Oceanographers, including Rice University’s Sven Kranz, have discovered a significant connection between small-scale microbial processes and ecosystemwide dynamics, offering new insight into the mechanisms driving marine carbon storage.
Research conducted across multiple ocean regions showed that conditions in the upper ocean, such as nutrient availability and microbial interactions, play a crucial role in shaping the carbon-rich particles that sink into the deep ocean. These particles continue to reflect surface ecosystem dynamics, even at great depths, influencing how carbon is ultimately stored, according to a recent press release from Florida State University. The findings were published Nov. 24 in the Proceedings of the National Academy of Sciences.

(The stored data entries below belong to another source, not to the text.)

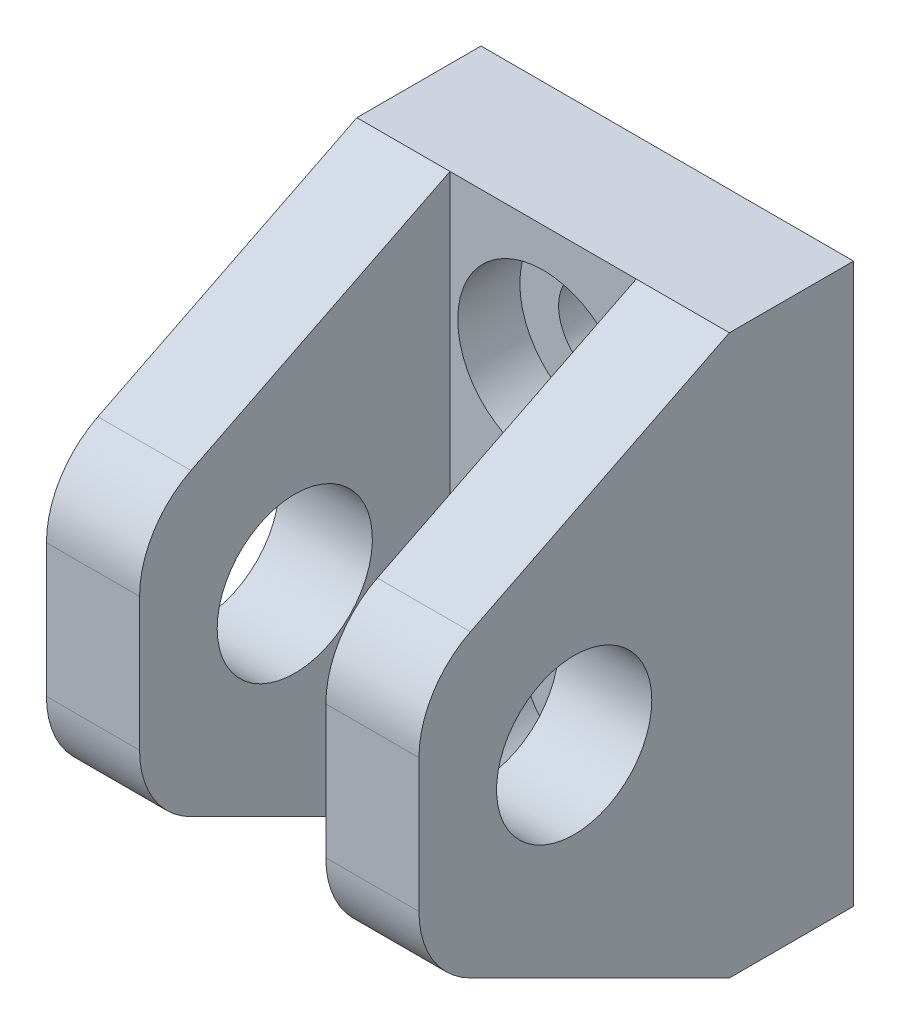
ISO-10303-21;
HEADER;
FILE_DESCRIPTION(('STEP AP214'),'2;1');
FILE_NAME('part.step','',(''),(''),'','','');
FILE_SCHEMA(('AUTOMOTIVE_DESIGN { 1 0 10303 214 1 1 1 1 }'));
ENDSEC;
DATA;
#1=APPLICATION_CONTEXT('core data for automotive mechanical design processes');
#2=APPLICATION_PROTOCOL_DEFINITION('international standard','automotive_design',2000,#1);
#3=PRODUCT_CONTEXT('',#1,'mechanical');
#4=PRODUCT('Part','Part','',(#3));
#5=PRODUCT_RELATED_PRODUCT_CATEGORY('part','',(#4));
#6=PRODUCT_DEFINITION_FORMATION('','',#4);
#7=PRODUCT_DEFINITION_CONTEXT('part definition',#1,'design');
#8=PRODUCT_DEFINITION('design','',#6,#7);
#9=PRODUCT_DEFINITION_SHAPE('','',#8);
#10=(LENGTH_UNIT() NAMED_UNIT(*) SI_UNIT(.MILLI.,.METRE.));
#11=(NAMED_UNIT(*) PLANE_ANGLE_UNIT() SI_UNIT($,.RADIAN.));
#12=(NAMED_UNIT(*) SI_UNIT($,.STERADIAN.) SOLID_ANGLE_UNIT());
#13=UNCERTAINTY_MEASURE_WITH_UNIT(LENGTH_MEASURE(1.E-05),#10,'distance_accuracy_value','');
#14=(GEOMETRIC_REPRESENTATION_CONTEXT(3) GLOBAL_UNCERTAINTY_ASSIGNED_CONTEXT((#13)) GLOBAL_UNIT_ASSIGNED_CONTEXT((#10,
#11,#12)) REPRESENTATION_CONTEXT('',''));
#15=CARTESIAN_POINT('',(0.,0.,0.));
#16=DIRECTION('',(0.,0.,1.));
#17=DIRECTION('',(1.,0.,0.));
#18=AXIS2_PLACEMENT_3D('',#15,#16,#17);
#19=CARTESIAN_POINT('',(10.,4.,0.));
#20=DIRECTION('',(0.,0.,1.));
#21=DIRECTION('',(1.,0.,0.));
#22=AXIS2_PLACEMENT_3D('',#19,#20,#21);
#23=CYLINDRICAL_SURFACE('',#22,1.5);
#24=CARTESIAN_POINT('',(10.,4.,0.));
#25=DIRECTION('',(0.,0.,1.));
#26=DIRECTION('',(1.,0.,0.));
#27=AXIS2_PLACEMENT_3D('',#24,#25,#26);
#28=CIRCLE('',#27,1.5);
#29=CARTESIAN_POINT('',(11.5,4.,0.));
#30=VERTEX_POINT('',#29);
#31=EDGE_CURVE('E208',#30,#30,#28,.T.);
#32=ORIENTED_EDGE('',*,*,#31,.F.);
#33=EDGE_LOOP('',(#32));
#34=FACE_BOUND('',#33,.T.);
#35=CARTESIAN_POINT('',(10.,4.,2.));
#36=DIRECTION('',(0.,0.,1.));
#37=DIRECTION('',(1.,0.,0.));
#38=AXIS2_PLACEMENT_3D('',#35,#36,#37);
#39=CIRCLE('',#38,1.5);
#40=CARTESIAN_POINT('',(11.5,4.,2.));
#41=VERTEX_POINT('',#40);
#42=EDGE_CURVE('E38',#41,#41,#39,.F.);
#43=ORIENTED_EDGE('',*,*,#42,.F.);
#44=EDGE_LOOP('',(#43));
#45=FACE_BOUND('',#44,.T.);
#46=ADVANCED_FACE('F34',(#34,#45),#23,.F.);
#47=CARTESIAN_POINT('',(10.,14.,0.));
#48=DIRECTION('',(0.,0.,1.));
#49=DIRECTION('',(1.,0.,0.));
#50=AXIS2_PLACEMENT_3D('',#47,#48,#49);
#51=CYLINDRICAL_SURFACE('',#50,1.5);
#52=CARTESIAN_POINT('',(10.,14.,0.));
#53=DIRECTION('',(0.,0.,1.));
#54=DIRECTION('',(1.,0.,0.));
#55=AXIS2_PLACEMENT_3D('',#52,#53,#54);
#56=CIRCLE('',#55,1.5);
#57=CARTESIAN_POINT('',(11.5,14.,0.));
#58=VERTEX_POINT('',#57);
#59=EDGE_CURVE('E148',#58,#58,#56,.T.);
#60=ORIENTED_EDGE('',*,*,#59,.F.);
#61=EDGE_LOOP('',(#60));
#62=FACE_BOUND('',#61,.T.);
#63=CARTESIAN_POINT('',(10.,14.,2.));
#64=DIRECTION('',(0.,0.,1.));
#65=DIRECTION('',(1.,0.,0.));
#66=AXIS2_PLACEMENT_3D('',#63,#64,#65);
#67=CIRCLE('',#66,1.5);
#68=CARTESIAN_POINT('',(11.5,14.,2.));
#69=VERTEX_POINT('',#68);
#70=EDGE_CURVE('E206',#69,#69,#67,.F.);
#71=ORIENTED_EDGE('',*,*,#70,.F.);
#72=EDGE_LOOP('',(#71));
#73=FACE_BOUND('',#72,.T.);
#74=ADVANCED_FACE('F332',(#62,#73),#51,.F.);
#75=CARTESIAN_POINT('',(0.,0.,4.));
#76=DIRECTION('',(0.,0.,-1.));
#77=DIRECTION('',(-1.,0.,0.));
#78=AXIS2_PLACEMENT_3D('',#75,#76,#77);
#79=PLANE('',#78);
#80=CARTESIAN_POINT('',(10.,4.,4.));
#81=DIRECTION('',(0.,0.,1.));
#82=DIRECTION('',(1.,0.,0.));
#83=AXIS2_PLACEMENT_3D('',#80,#81,#82);
#84=CIRCLE('',#83,2.75);
#85=CARTESIAN_POINT('',(12.75,4.,4.));
#86=VERTEX_POINT('',#85);
#87=EDGE_CURVE('E222',#86,#86,#84,.T.);
#88=ORIENTED_EDGE('',*,*,#87,.F.);
#89=EDGE_LOOP('',(#88));
#90=FACE_BOUND('',#89,.T.);
#91=CARTESIAN_POINT('',(10.,14.,4.));
#92=DIRECTION('',(0.,0.,1.));
#93=DIRECTION('',(1.,0.,0.));
#94=AXIS2_PLACEMENT_3D('',#91,#92,#93);
#95=CIRCLE('',#94,2.75);
#96=CARTESIAN_POINT('',(12.75,14.,4.));
#97=VERTEX_POINT('',#96);
#98=EDGE_CURVE('E215',#97,#97,#95,.T.);
#99=ORIENTED_EDGE('',*,*,#98,.F.);
#100=EDGE_LOOP('',(#99));
#101=FACE_BOUND('',#100,.T.);
#102=DIRECTION('',(0.,1.,0.));
#103=VECTOR('',#102,1.);
#104=CARTESIAN_POINT('',(7.,0.,4.));
#105=LINE('',#104,#103);
#106=CARTESIAN_POINT('',(7.,0.,4.));
#107=VERTEX_POINT('',#106);
#108=CARTESIAN_POINT('',(7.,18.,4.));
#109=VERTEX_POINT('',#108);
#110=EDGE_CURVE('E267',#107,#109,#105,.T.);
#111=ORIENTED_EDGE('',*,*,#110,.F.);
#112=DIRECTION('',(1.,0.,0.));
#113=VECTOR('',#112,1.);
#114=CARTESIAN_POINT('',(0.,0.,4.));
#115=LINE('',#114,#113);
#116=CARTESIAN_POINT('',(13.,0.,4.));
#117=VERTEX_POINT('',#116);
#118=EDGE_CURVE('E162',#107,#117,#115,.T.);
#119=ORIENTED_EDGE('',*,*,#118,.T.);
#120=DIRECTION('',(0.,-1.,0.));
#121=VECTOR('',#120,1.);
#122=CARTESIAN_POINT('',(13.,0.,4.));
#123=LINE('',#122,#121);
#124=CARTESIAN_POINT('',(13.,18.,4.));
#125=VERTEX_POINT('',#124);
#126=EDGE_CURVE('E274',#125,#117,#123,.T.);
#127=ORIENTED_EDGE('',*,*,#126,.F.);
#128=DIRECTION('',(-1.,0.,0.));
#129=VECTOR('',#128,1.);
#130=CARTESIAN_POINT('',(0.,18.,4.));
#131=LINE('',#130,#129);
#132=EDGE_CURVE('E166',#125,#109,#131,.T.);
#133=ORIENTED_EDGE('',*,*,#132,.T.);
#134=EDGE_LOOP('',(#111,#119,#127,#133));
#135=FACE_BOUND('',#134,.T.);
#136=ADVANCED_FACE('F287',(#90,#101,#135),#79,.F.);
#137=CARTESIAN_POINT('',(0.,0.,4.));
#138=DIRECTION('',(0.,1.,0.));
#139=DIRECTION('',(0.,0.,1.));
#140=AXIS2_PLACEMENT_3D('',#137,#138,#139);
#141=PLANE('',#140);
#142=DIRECTION('',(1.,0.,0.));
#143=VECTOR('',#142,1.);
#144=CARTESIAN_POINT('',(0.,0.,0.));
#145=LINE('',#144,#143);
#146=CARTESIAN_POINT('',(4.,0.,0.));
#147=VERTEX_POINT('',#146);
#148=CARTESIAN_POINT('',(16.,0.,0.));
#149=VERTEX_POINT('',#148);
#150=EDGE_CURVE('E163',#147,#149,#145,.T.);
#151=ORIENTED_EDGE('',*,*,#150,.T.);
#152=DIRECTION('',(0.,0.,1.));
#153=VECTOR('',#152,1.);
#154=CARTESIAN_POINT('',(16.,0.,0.));
#155=LINE('',#154,#153);
#156=CARTESIAN_POINT('',(16.,0.,4.));
#157=VERTEX_POINT('',#156);
#158=EDGE_CURVE('E143',#149,#157,#155,.T.);
#159=ORIENTED_EDGE('',*,*,#158,.T.);
#160=DIRECTION('',(-1.,0.,0.));
#161=VECTOR('',#160,1.);
#162=CARTESIAN_POINT('',(20.,0.,4.));
#163=LINE('',#162,#161);
#164=EDGE_CURVE('E246',#157,#117,#163,.T.);
#165=ORIENTED_EDGE('',*,*,#164,.T.);
#166=ORIENTED_EDGE('',*,*,#118,.F.);
#167=CARTESIAN_POINT('',(4.,0.,4.));
#168=VERTEX_POINT('',#167);
#169=EDGE_CURVE('E243',#107,#168,#163,.T.);
#170=ORIENTED_EDGE('',*,*,#169,.T.);
#171=DIRECTION('',(0.,0.,1.));
#172=VECTOR('',#171,1.);
#173=CARTESIAN_POINT('',(4.,0.,0.));
#174=LINE('',#173,#172);
#175=EDGE_CURVE('E229',#147,#168,#174,.T.);
#176=ORIENTED_EDGE('',*,*,#175,.F.);
#177=EDGE_LOOP('',(#151,#159,#165,#166,#170,#176));
#178=FACE_BOUND('',#177,.T.);
#179=ADVANCED_FACE('F302',(#178),#141,.F.);
#180=CARTESIAN_POINT('',(0.,18.,4.));
#181=DIRECTION('',(0.,-1.,0.));
#182=DIRECTION('',(0.,0.,-1.));
#183=AXIS2_PLACEMENT_3D('',#180,#181,#182);
#184=PLANE('',#183);
#185=DIRECTION('',(-1.,0.,0.));
#186=VECTOR('',#185,1.);
#187=CARTESIAN_POINT('',(20.,18.,4.));
#188=LINE('',#187,#186);
#189=CARTESIAN_POINT('',(16.,18.,4.));
#190=VERTEX_POINT('',#189);
#191=EDGE_CURVE('E157',#190,#125,#188,.T.);
#192=ORIENTED_EDGE('',*,*,#191,.F.);
#193=DIRECTION('',(0.,0.,1.));
#194=VECTOR('',#193,1.);
#195=CARTESIAN_POINT('',(16.,18.,0.));
#196=LINE('',#195,#194);
#197=CARTESIAN_POINT('',(16.,18.,0.));
#198=VERTEX_POINT('',#197);
#199=EDGE_CURVE('E142',#198,#190,#196,.T.);
#200=ORIENTED_EDGE('',*,*,#199,.F.);
#201=DIRECTION('',(-1.,0.,0.));
#202=VECTOR('',#201,1.);
#203=CARTESIAN_POINT('',(0.,18.,0.));
#204=LINE('',#203,#202);
#205=CARTESIAN_POINT('',(4.,18.,0.));
#206=VERTEX_POINT('',#205);
#207=EDGE_CURVE('E153',#198,#206,#204,.T.);
#208=ORIENTED_EDGE('',*,*,#207,.T.);
#209=DIRECTION('',(0.,0.,1.));
#210=VECTOR('',#209,1.);
#211=CARTESIAN_POINT('',(4.,18.,0.));
#212=LINE('',#211,#210);
#213=CARTESIAN_POINT('',(4.,18.,4.));
#214=VERTEX_POINT('',#213);
#215=EDGE_CURVE('E230',#206,#214,#212,.T.);
#216=ORIENTED_EDGE('',*,*,#215,.T.);
#217=EDGE_CURVE('E257',#109,#214,#188,.T.);
#218=ORIENTED_EDGE('',*,*,#217,.F.);
#219=ORIENTED_EDGE('',*,*,#132,.F.);
#220=EDGE_LOOP('',(#192,#200,#208,#216,#218,#219));
#221=FACE_BOUND('',#220,.T.);
#222=ADVANCED_FACE('F152',(#221),#184,.F.);
#223=CARTESIAN_POINT('',(0.,0.,0.));
#224=DIRECTION('',(0.,0.,-1.));
#225=DIRECTION('',(-1.,0.,0.));
#226=AXIS2_PLACEMENT_3D('',#223,#224,#225);
#227=PLANE('',#226);
#228=ORIENTED_EDGE('',*,*,#31,.T.);
#229=EDGE_LOOP('',(#228));
#230=FACE_BOUND('',#229,.T.);
#231=ORIENTED_EDGE('',*,*,#59,.T.);
#232=EDGE_LOOP('',(#231));
#233=FACE_BOUND('',#232,.T.);
#234=DIRECTION('',(0.,-1.,0.));
#235=VECTOR('',#234,1.);
#236=CARTESIAN_POINT('',(16.,18.,0.));
#237=LINE('',#236,#235);
#238=EDGE_CURVE('E139',#198,#149,#237,.T.);
#239=ORIENTED_EDGE('',*,*,#238,.T.);
#240=ORIENTED_EDGE('',*,*,#150,.F.);
#241=DIRECTION('',(0.,1.,0.));
#242=VECTOR('',#241,1.);
#243=CARTESIAN_POINT('',(4.,0.,0.));
#244=LINE('',#243,#242);
#245=EDGE_CURVE('E161',#147,#206,#244,.T.);
#246=ORIENTED_EDGE('',*,*,#245,.T.);
#247=ORIENTED_EDGE('',*,*,#207,.F.);
#248=EDGE_LOOP('',(#239,#240,#246,#247));
#249=FACE_BOUND('',#248,.T.);
#250=ADVANCED_FACE('F160',(#230,#233,#249),#227,.T.);
#251=CARTESIAN_POINT('',(16.,0.,14.));
#252=DIRECTION('',(-1.,0.,0.));
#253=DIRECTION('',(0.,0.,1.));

Given that the ocean is the Earth’s largest active carbon sink, absorbing carbon dioxide from the atmosphere and storing it for long periods, understanding these processes has significant implications for the global carbon cycle.
“Our findings show that the story of marine carbon doesn’t end when particles sink,” said Kranz, an associate professor of biosciences. “The imprint of the surface ecosystem persists deep in the ocean, meaning we need to rethink how those particles carry and store carbon throughout the water column.”
Kranz’s lab focuses on phytoplankton ecology and biogeochemistry, studying how different phytoplankton groups respond to changes in carbon dioxide, light intensity and nutrient availability as well as how biochemical processes such as photosynthetic pathways, carbon acquisition and protein regulation shape those responses.
Understanding complex transformations
On land, plants absorb carbon dioxide, converting it into organic matter and oxygen through photosynthesis. This same process is performed by tiny, ocean-dwelling plants called phytoplankton, which establish the base of the complex marine food web. The organic matter produced in this system ranges from microscopic particles unable to be seen with the naked eye to particles as thick as a nickel.
Some of these particles sink from the sunlit surface into the ocean’s depths, effectively removing carbon from the atmosphere and storing it for decades to millennia; as this organic matter descends, it undergoes complex transformations that have long puzzled scientists.
“Understanding these changes is critical, as the rate and extent to which they occur determine how long this carbon is locked away,” Heather Forrer, a doctoral graduate at FSU and first author of this study, said in the release.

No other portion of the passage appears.